### Exercise brief
Only the lines from the beginning of the entries through the one that holds "24.0950572902), (-20.4869841684, 0.4436360632))" may appear in the answer, written out exactly and free of pictures.

○ ○ ○ ○ ○ ○ ○

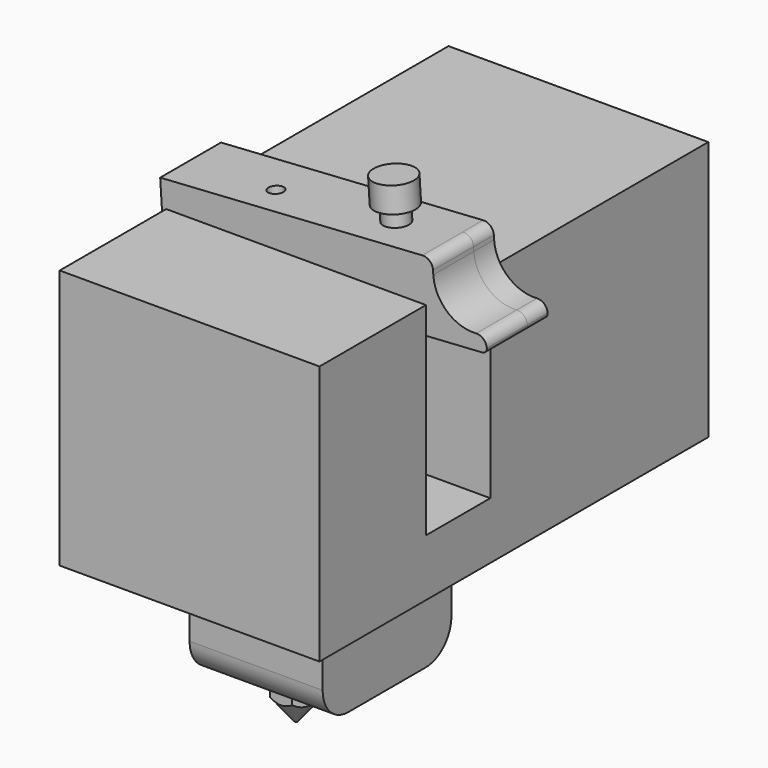
from build123d import *

# Parameters (mm, degrees)
F0_W      = 41
F0_H      = 41
F1_DEPTH  = 43
F2_W      = 41
F2_H      = 9
F3_DEPTH  = 12.7
F5_DEPTH  = 4
F6_R      = 6.35
F7_R      = 1.60019
F8_R      = 1.6002
F9_R      = 0.7874
F11_DEPTH = 8
F12_W     = 41
F12_H     = 41
F13_DEPTH = 21
F15_D     = 2.3876
F15_DEPTH = 12.7
F15_TIP   = 0.717307407
F16_R     = 1.9812
F17_DEPTH = 2.3876
F18_R     = 3.175
F19_DEPTH = 3.9624
F21_DEPTH = 4.7752
F23_R     = 3.175
F24_DEPTH = 21.7254
F28_W     = 21
F28_H     = 25.4
F29_DEPTH = 15.875
F30_R     = 5.08
F32_DEPTH = 6


# Not quite as in the source:
# - a fillet or chamfer is up to 0.001 mm smaller than in the source, because OpenCascade refuses the exact size


with BuildPart() as f1:
    # F0 (on Front) → F1 (new body)
    with BuildSketch(Plane.XZ):
        Rectangle(F0_W, F0_H)
    extrude(amount=F1_DEPTH)

    # F2 (on face) → F3 (join)
    with BuildSketch(Plane.XZ.offset(43)):
        with Locations((0, -16)):
            Rectangle(F2_W, F2_H)
    extrude(amount=F3_DEPTH)

    # F4 (on face) → F5 (join)
    with BuildSketch(Plane.XZ.offset(43)):
        with BuildLine():
            Line((-22.0036495704, 24.0950572902), (-20.4869841684, 0.4436360632))
            ThreePointArc((-20.4869841684, 0.4436360632), (-13.7436360632, -5.4869841684), (-7.8130158316, 1.2563639368))
            Line((-7.8130158316, 1.2563639368), (-8.6257437052, 13.9303322737))
            Line((-8.6257437052, 13.9303322737), (29.5957513579, 16.3813147587))
            Line((29.5957513579, 16.3813147587), (29.4429585176, 18.764020806))
            Line((29.4429585176, 18.764020806), (21.5090543388, 18.2552531571))
            Line((21.5090543388, 18.2552531571), (20.9579096507, 26.85))
            Line((20.9579096507, 26.85), (-22.0036495704, 24.0950572902))
        make_face()
    extrude(amount=F5_DEPTH)

    # F6
    f6_edges = [f1.edges().sort_by_distance(p)[0] for p in [
        (21.509054, -45, 18.255253),
    ]]
    fillet(f6_edges, radius=F6_R)

    # F7 (radius 1.6002 in the source; OpenCascade refuses exactly that, so slightly less here)
    f7_edges = [f1.edges().sort_by_distance(p)[0] for p in [
        (29.442959, -45, 18.764021),
    ]]
    fillet(f7_edges, radius=F7_R)

    # F8
    f8_edges = [f1.edges().sort_by_distance(p)[0] for p in [
        (20.95791, -45, 26.85),
    ]]
    fillet(f8_edges, radius=F8_R)

    # F9
    f9_edges = [f1.edges().sort_by_distance(p)[0] for p in [
        (29.595751, -45, 16.381315),
    ]]
    fillet(f9_edges, radius=F9_R)

    # F10 (on face) → F11 (join)
    with BuildSketch(Plane.XZ.offset(47)):
        with BuildLine():
            Line((19.3609896402, 26.7475962879), (-22.0036495704, 24.0950572902))
            Line((-22.0036495704, 24.0950572902), (-21.2997120421, 13.1176044))
            Line((-21.2997120421, 13.1176044), (-8.6257437052, 13.9303322737))
            Line((-8.6257437052, 13.9303322737), (28.809965321, 16.3309256305))
            ThreePointArc((28.809965321, 16.3309256305), (29.3508413223, 16.5967075264), (29.5453622297, 17.1671007956))
            ThreePointArc((29.5453622297, 17.1671007956), (29.0052248284, 18.2663004111), (27.8460385072, 18.661617094))
            ThreePointArc((27.8460385072, 18.661617094), (23.246092788, 20.2303340893), (21.102690402, 24.5922373256))
            Line((21.102690402, 24.5922373256), (21.0603133628, 25.2530799896))
            ThreePointArc((21.0603133628, 25.2530799896), (20.5201759615, 26.3522796051), (19.3609896402, 26.7475962879))
        make_face()
    extrude(amount=F11_DEPTH)

    # F12 (on face) → F13 (join)
    with BuildSketch(Plane.XZ.offset(55.7)):
        Rectangle(F12_W, F12_H)
    extrude(amount=F13_DEPTH)

    # F15
    with Locations(Plane(origin=(-1.628897193, 0, 25.4016038063), x_dir=(0.9979502627, 0, 0.0639943208), z_dir=(-0.0639943208, 0, 0.9979502627))):
        with Locations((-6.1164010452, -50)):
            Hole(F15_D / 2, depth=F15_DEPTH)
            with Locations((0, 0, -(F15_DEPTH + F15_TIP / 2))):  # 118° drill point
                Cone(0, F15_D / 2, F15_TIP, mode=Mode.SUBTRACT)

    # F16 (on face) → F17 (join)
    with BuildSketch(Plane(origin=(-1.628897193, 0, 25.4016038063), x_dir=(0.9979502627, 0, 0.0639943208), z_dir=(-0.0639943208, 0, 0.9979502627))):
        with Locations((12.1207989548, -49)):
            Circle(F16_R)
    extrude(amount=F17_DEPTH)

    # F18 (on face) → F19 (join)
    with BuildSketch(Plane(origin=(-1.7816900333, 0, 27.7843098536), x_dir=(0.9979502627, 0, 0.0639943208), z_dir=(-0.0639943208, 0, 0.9979502627))):
        with Locations((12.1207989548, -49)):
            Circle(F18_R)
    extrude(amount=F19_DEPTH)

    # F20 (on face) → F21 (join)
    with BuildSketch(Plane(origin=(0, 0, -20.5), x_dir=(1, 0, 0), z_dir=(0, 0, -1))):
        Polygon((-5.7375, 43), (-0.975, 45.749630657), (-0.975, 51.248891971), (-5.7375, 53.9985226281), (-10.5, 51.248891971), (-10.5, 45.749630657), align=None)
    extrude(amount=F21_DEPTH)

    # F23 (on offset) → F24 (join, through all)
    with BuildSketch(Plane(origin=(0, 0, -26.8754), x_dir=(1, 0, 0), z_dir=(0, 0, -1))):
        with Locations((-5.7375, 48.499261314)):
            Circle(F23_R)
    extrude(amount=-F24_DEPTH)

    # F26 (on face) → F27 (revolve)
    with BuildSketch(Plane(origin=(-14.15, 0, 0), x_dir=(0, -1, 0), z_dir=(-1, 0, 0))):
        with BuildLine():
            Line((47.7874, 5.6128158316), (47, 5.6128158316))
            Line((47, 5.6128158316), (47, 0.8630158316))
            Line((47, 0.8630158316), (51.3688, 0.8630158316))
            Line((51.3688, 0.8630158316), (51.3688, 7.2130158316))
            Line((51.3688, 7.2130158316), (50.5814, 7.2130158316))
            ThreePointArc((50.5814, 7.2130158316), (49.5781, 6.392545411), (48.5748, 7.2130158316))
            Line((48.5748, 7.2130158316), (47.7874, 7.2130158316))
            Line((47.7874, 7.2130158316), (47.7874, 5.6128158316))
        make_face()
    revolve(axis=Axis((-14.15, -49.1844, 0.8630158316), (0, -1, 0)))

    # F28 (on face) → F29 (join)
    with BuildSketch(Plane(origin=(0, 0, -26.8754), x_dir=(1, 0, 0), z_dir=(0, 0, -1))):
        with Locations((-5.5, 44)):
            Rectangle(F28_W, F28_H)
    extrude(amount=F29_DEPTH)

    # F30
    f30_edges = [f1.edges().sort_by_distance(p)[0] for p in [
        (-5.5, -56.7, -42.7504),
        (-5.5, -56.7, -26.8754),
        (-5.5, -31.3, -42.7504),
        (-5.5, -31.3, -26.8754),
    ]]
    fillet(f30_edges, radius=F30_R)

    # F31 (on face) → F32 (join)
    with BuildSketch(Plane(origin=(0, 0, -42.7504), x_dir=(1, 0, 0), z_dir=(0, 0, -1))):
        Polygon((-4.0054491924, 45.499261314), (-2.2733983849, 48.499261314), (-4.0054491924, 51.499261314), (-7.4695508076, 51.499261314), (-9.2016016151, 48.499261314), (-7.4695508076, 45.499261314), align=None)
    extrude(amount=F32_DEPTH)

    # F34 (on offset) → F35 (revolve, cut)
    with BuildSketch(Plane.XZ.offset(48.502061314)):
        Polygon((-2.2479983849, -44.7504), (-5.4875, -48.7504), (-2.2479983849, -48.7504), align=None)
    revolve(axis=Axis((-5.7375, -48.502061314, -47.4463791664), (0, 0, 1)), mode=Mode.SUBTRACT)


solid = f1.part
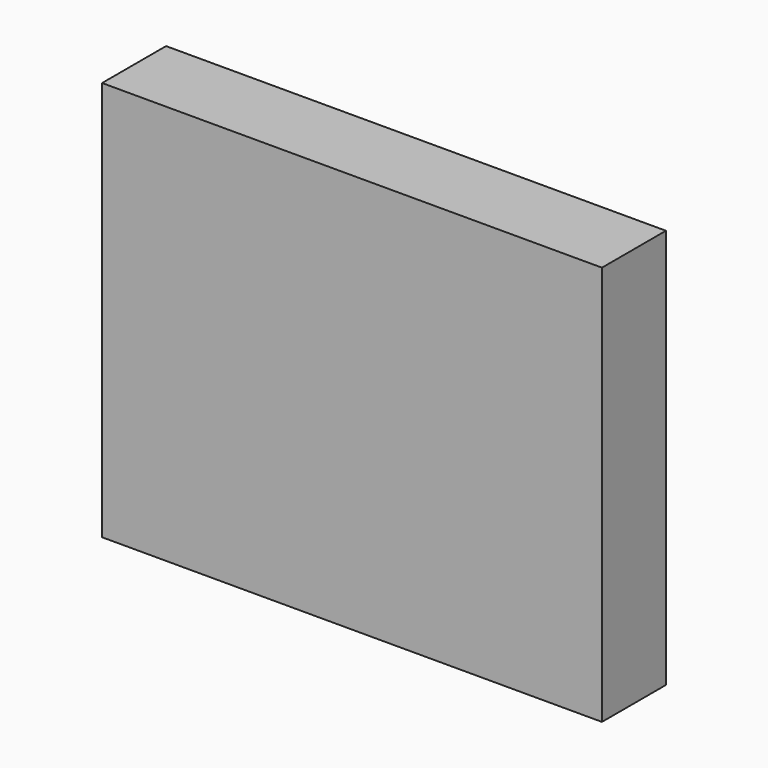
from build123d import *

# Parameters (mm, degrees)
F0_W        = 50
F0_H        = 40
F1_DEPTH    = 8
F2_T        = -1
F3_W        = 15.0767099112
F3_H        = 12.3402951285
F4_DEPTH    = 10
F5_T        = 0.5
F5_T3_DEPTH = 8
F5_T5_DEPTH = 49
F5_T7_DEPTH = 39


# Not quite as in the source:
# - a shell that OpenCascade refuses in one call is made with other operations: the cavity is built on its own and cut out


with BuildPart() as f1:
    # F0 (on Front) → F1 (new body)
    with BuildSketch(Plane.XZ):
        with Locations((-5.8206513731, 0.1503955573)):
            Rectangle(F0_W, F0_H)
    extrude(amount=F1_DEPTH)

    # F2
    f2_openings = [f1.faces().sort_by_distance(p)[0] for p in [
        (-5.820651, 0, 0.150396),
    ]]
    offset(amount=F2_T, openings=f2_openings)

    # F3 (on face) → F4 (join)
    with BuildSketch(Plane(origin=(0, -7, 0), x_dir=(-1, 0, 0), z_dir=(0, 1, 0))):
        with Locations((7.5383549556, -0.1530931331)):
            Rectangle(F3_W, F3_H)
    extrude(amount=F4_DEPTH)

    # F5: shell of thickness 0.5, made by hand


with BuildPart() as f5_core1:
    # F5_t2: copy of F1
    add(f1.part)

    # the walls: a layer under each face that stays
    f5_faces = [f5_core1.faces().sort_by_distance(p)[0] for p in [
        (-5.8206513731, -4, 20.1503955573),
        (19.1793486269, -4, 0.1503955573),
        (-30.8206513731, -4, 0.1503955573),
        (11.3668486269, 0, -19.3557772822),
        (-5.8206513731, -8, 0.1503955573),
        (-5.8206513731, -4, -19.8496044427),
        (-5.8206513731, -3.5, 19.1503955573),
        (18.1793486269, -3.5, 0.1503955573),
        (-5.8206513731, -3.5, -18.8496044427),
        (-29.8206513731, -3.5, 0.1503955573),
        (-21.8206513731, -7, -12.5162711094),
    ]]
    thicken(f5_faces, amount=-F5_T, mode=Mode.SUBTRACT)

    # F5_s4 → F5_t3 (cut)
    with BuildSketch(Plane.XZ.offset(-0.5)):
        Polygon((18.1743486269, 19.1453955573), (18.1793486269, 19.6503955573), (18.6793486269, 19.6503955573), (18.6793486269, 19.1503955573), align=None)
        Polygon((-29.8156513731, 19.1453955573), (-29.8206513731, 19.6503955573), (-30.3206513731, 19.6503955573), (-30.3206513731, 19.1503955573), align=None)
        Polygon((18.1743486269, -18.8446044427), (18.6793486269, -18.8496044427), (18.6793486269, -19.3496044427), (18.1793486269, -19.3496044427), align=None)
        Polygon((-29.8156513731, -18.8446044427), (-29.8206513731, -19.3496044427), (-30.3206513731, -19.3496044427), (-30.3206513731, -18.8496044427), align=None)
    extrude(amount=F5_T3_DEPTH, mode=Mode.SUBTRACT)

    # F5_s6 → F5_t5 (cut)
    with BuildSketch(Plane.YZ.offset(-30.3206513731)):
        Polygon((-6.995, 19.1453955573), (-7, 19.6503955573), (-7.5, 19.6503955573), (-7.5, 19.1503955573), align=None)
        Polygon((-6.995, -18.8446044427), (-7, -19.3496044427), (-7.5, -19.3496044427), (-7.5, -18.8496044427), align=None)
    extrude(amount=F5_T5_DEPTH, mode=Mode.SUBTRACT)

    # F5_s8 → F5_t7 (cut)
    with BuildSketch(Plane.XY.offset(-19.3496044427)):
        Polygon((18.1743486269, -6.995), (18.6793486269, -7), (18.6793486269, -7.5), (18.1793486269, -7.5), align=None)
        Polygon((-29.8156513731, -6.995), (-30.3206513731, -7), (-30.3206513731, -7.5), (-29.8206513731, -7.5), align=None)
    extrude(amount=F5_T7_DEPTH, mode=Mode.SUBTRACT)


with BuildPart() as f1_1:
    add(f1.part)

    # what is left inside the walls is the cavity
    f5_cavity = [f5_core1.part.solids().sort_by_distance(p)[0] for p in [
        (-7.538355, -7.495, -2.209809),
    ]]
    add(f5_cavity, mode=Mode.SUBTRACT)


solid = f1_1.part
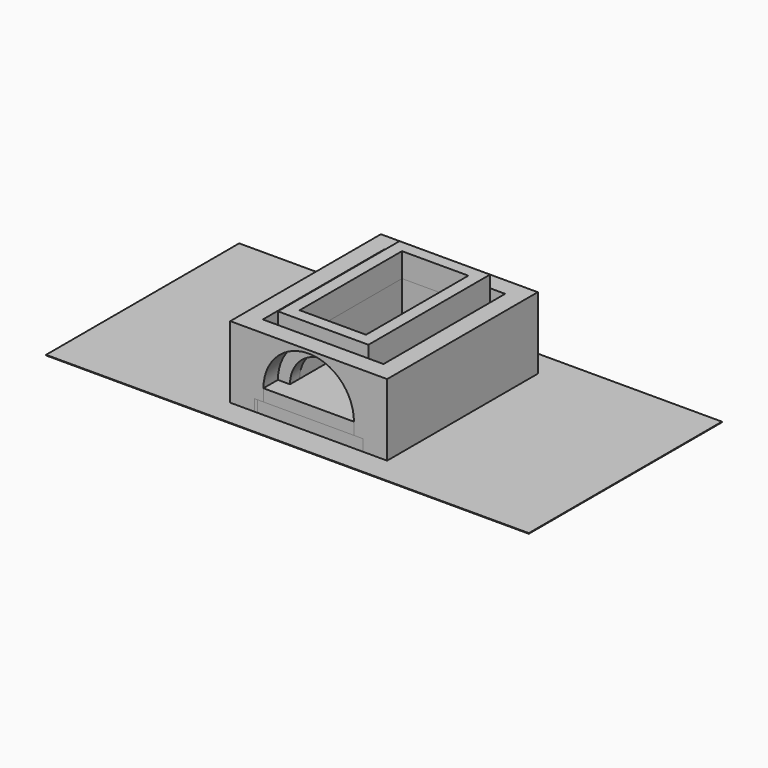
from build123d import *

# Parameters (mm, degrees)
F0_W      = 1300
F0_H      = 1560
F1_DEPTH  = 200
F2_W      = 1300
F2_H      = 1560
F2_W_2    = 1000
F2_H_2    = 1260
F3_DEPTH  = 600
F5_DEPTH  = 150
F6_W      = 750
F6_H      = 1260
F6_W_2    = 550
F6_H_2    = 1060
F7_DEPTH  = 700
F9_DEPTH  = 100
F10_W     = 900
F10_H     = 1560
F11_DEPTH = 100
F12_SIZE  = 25
F13_W     = 750
F13_H     = 1260
F13_W_2   = 550
F13_H_2   = 1060
F14_DEPTH = 500
F16_DEPTH = 100
F17_W     = 900
F17_H     = 1560
F18_DEPTH = 100
F19_SIZE  = 25
F20_W     = 4000
F20_H     = 2000
F21_DEPTH = 5


with BuildPart() as f1:
    # F0 (on Top) → F1 (new body)
    with BuildSketch(Plane.XY):
        Rectangle(F0_W, F0_H)
    extrude(amount=F1_DEPTH)


with BuildPart() as f3:
    # F2 (on Top) → F3 (new body)
    with BuildSketch(Plane.XY):
        Rectangle(F2_W, F2_H)
        Rectangle(F2_W_2, F2_H_2, mode=Mode.SUBTRACT)
    extrude(amount=F3_DEPTH)

    # F4 (on face) → F5 (cut, through all)
    with BuildSketch(Plane.XZ.offset(780)):
        with BuildLine():
            Line((-375, 200), (-375, 0))
            Line((-375, 0), (375, 0))
            Line((375, 0), (375, 200))
            ThreePointArc((375, 200), (0, 575), (-375, 200))
        make_face()
    extrude(amount=-F5_DEPTH, mode=Mode.SUBTRACT)


with BuildPart() as f7:
    # F6 (on Top) → F7 (new body)
    with BuildSketch(Plane.XY):
        Rectangle(F6_W, F6_H)
        Rectangle(F6_W_2, F6_H_2, mode=Mode.SUBTRACT)
    extrude(amount=F7_DEPTH)

    # F8 (on face) → F9 (cut, through all)
    with BuildSketch(Plane.XZ.offset(630)):
        with BuildLine():
            Line((-275, 300), (-275, 0))
            Line((-275, 0), (275, 0))
            Line((275, 0), (275, 300))
            ThreePointArc((275, 300), (0, 575), (-275, 300))
        make_face()
    extrude(amount=-F9_DEPTH, mode=Mode.SUBTRACT)


with BuildPart() as f11:
    # F10 (on Top) → F11 (new body)
    with BuildSketch(Plane.XY):
        Rectangle(F10_W, F10_H)
    extrude(amount=F11_DEPTH)

    # F12
    f12_edges = [f11.edges().sort_by_distance(p)[0] for p in [
        (450, -780, 50),
        (450, 780, 50),
    ]]
    chamfer(f12_edges, length=F12_SIZE)


with BuildPart() as f14:
    # F13 (on Top) → F14 (new body)
    with BuildSketch(Plane.XY):
        Rectangle(F13_W, F13_H)
        Rectangle(F13_W_2, F13_H_2, mode=Mode.SUBTRACT)
    extrude(amount=F14_DEPTH)

    # F15 (on face) → F16 (cut, through all)
    with BuildSketch(Plane.XZ.offset(630)):
        with BuildLine():
            Line((-275, 200), (-275, 0))
            Line((-275, 0), (275, 0))
            Line((275, 0), (275, 200))
            ThreePointArc((275, 200), (0, 475), (-275, 200))
        make_face()
    extrude(amount=-F16_DEPTH, mode=Mode.SUBTRACT)


with BuildPart() as f18:
    # F17 (on Top) → F18 (new body)
    with BuildSketch(Plane.XY):
        Rectangle(F17_W, F17_H)
    extrude(amount=F18_DEPTH)

    # F19
    f19_edges = [f18.edges().sort_by_distance(p)[0] for p in [
        (-450, -780, 50),
        (-450, 780, 50),
    ]]
    chamfer(f19_edges, length=F19_SIZE)


with BuildPart() as f21:
    # F20 (on Top) → F21 (new body)
    with BuildSketch(Plane.XY):
        Rectangle(F20_W, F20_H)
    extrude(amount=F21_DEPTH)


solid = Compound([f1.part, f3.part, f7.part, f11.part, f14.part, f18.part, f21.part])
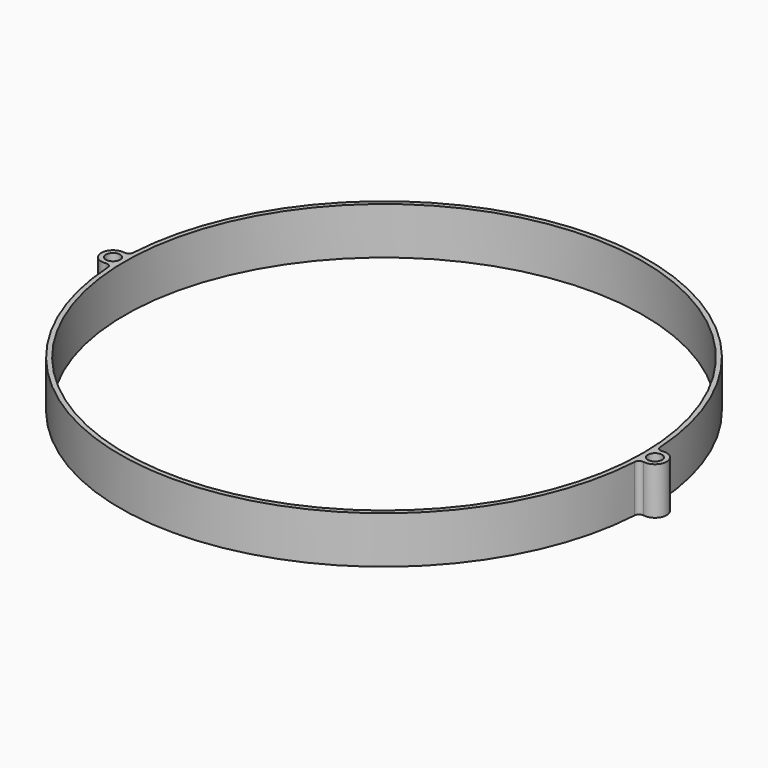
from build123d import *

# Parameters (mm, degrees)
F0_W     = 1
F0_H     = 10
F2_R     = 1.5
F3_DEPTH = 10


# Not quite as in the source:
# - a pattern or mirror of a feature is missing from the dataset's text; its kind, count and spacing are read off the source's solid


with BuildPart() as f1:
    # F0 (on Front) → F1 (revolve)
    with BuildSketch(Plane.XZ):
        with Locations((55.5, 5)):
            Rectangle(F0_W, F0_H)
    revolve(axis=Axis((0, 0, 25.0742025673), (0, 0, 1)))

    # F2 (on Top) → F3 (join)
    with BuildSketch(Plane.XY):
        with BuildLine():
            ThreePointArc((55.8974828375, -3.3869473613), (56.2759455722, -2.6625949972), (57.0683229814, -2.4624489744))
            ThreePointArc((57.0683229814, -2.4624489744), (60, 0), (57.0683229814, 2.4624489744))
            ThreePointArc((57.0683229814, 2.4624489744), (56.2759455722, 2.6625949972), (55.8974828375, 3.3869473613))
            Line((55.8974828375, 3.3869473613), (55.3983981693, 3.3567067599))
            ThreePointArc((55.3983981693, 3.3567067599), (55.5, 0), (55.3983981693, -3.3567067599))
            Line((55.3983981693, -3.3567067599), (55.8974828375, -3.3869473613))
        make_face()
        with Locations((57.5, 0)):
            Circle(F2_R, mode=Mode.SUBTRACT)
    f3 = extrude(amount=F3_DEPTH)

    # F3_copies: F3 across plane
    add(f3.mirror(Plane(origin=(0, 0, 0), x_dir=(0, 0, -1), z_dir=(-1, 0, 0))))


solid = f1.part

○ ○ ○ ○ ○ ○ ○

### Task output
from build123d import *

# Parameters (mm, degrees)
F0_W      = 41
F0_H      = 41
F1_DEPTH  = 43
F2_W      = 41
F2_H      = 9
F3_DEPTH  = 12.7
F5_DEPTH  = 4
F6_R      = 6.35
F7_R      = 1.60019
F8_R      = 1.6002
F9_R      = 0.7874
F11_DEPTH = 8
F12_W     = 41
F12_H     = 41
F13_DEPTH = 21
F15_D     = 2.3876
F15_DEPTH = 12.7
F15_TIP   = 0.717307407
F16_R     = 1.9812
F17_DEPTH = 2.3876
F18_R     = 3.175
F19_DEPTH = 3.9624
F21_DEPTH = 4.7752
F23_R     = 3.175
F24_DEPTH = 21.7254
F28_W     = 21
F28_H     = 25.4
F29_DEPTH = 15.875
F30_R     = 5.08
F32_DEPTH = 6


# Not quite as in the source:
# - a fillet or chamfer is up to 0.001 mm smaller than in the source, because OpenCascade refuses the exact size


with BuildPart() as f1:
    # F0 (on Front) → F1 (new body)
    with BuildSketch(Plane.XZ):
        Rectangle(F0_W, F0_H)
    extrude(amount=F1_DEPTH)

    # F2 (on face) → F3 (join)
    with BuildSketch(Plane.XZ.offset(43)):
        with Locations((0, -16)):
            Rectangle(F2_W, F2_H)
    extrude(amount=F3_DEPTH)

    # F4 (on face) → F5 (join)
    with BuildSketch(Plane.XZ.offset(43)):
        with BuildLine():
            Line((-22.0036495704, 24.0950572902), (-20.4869841684, 0.4436360632))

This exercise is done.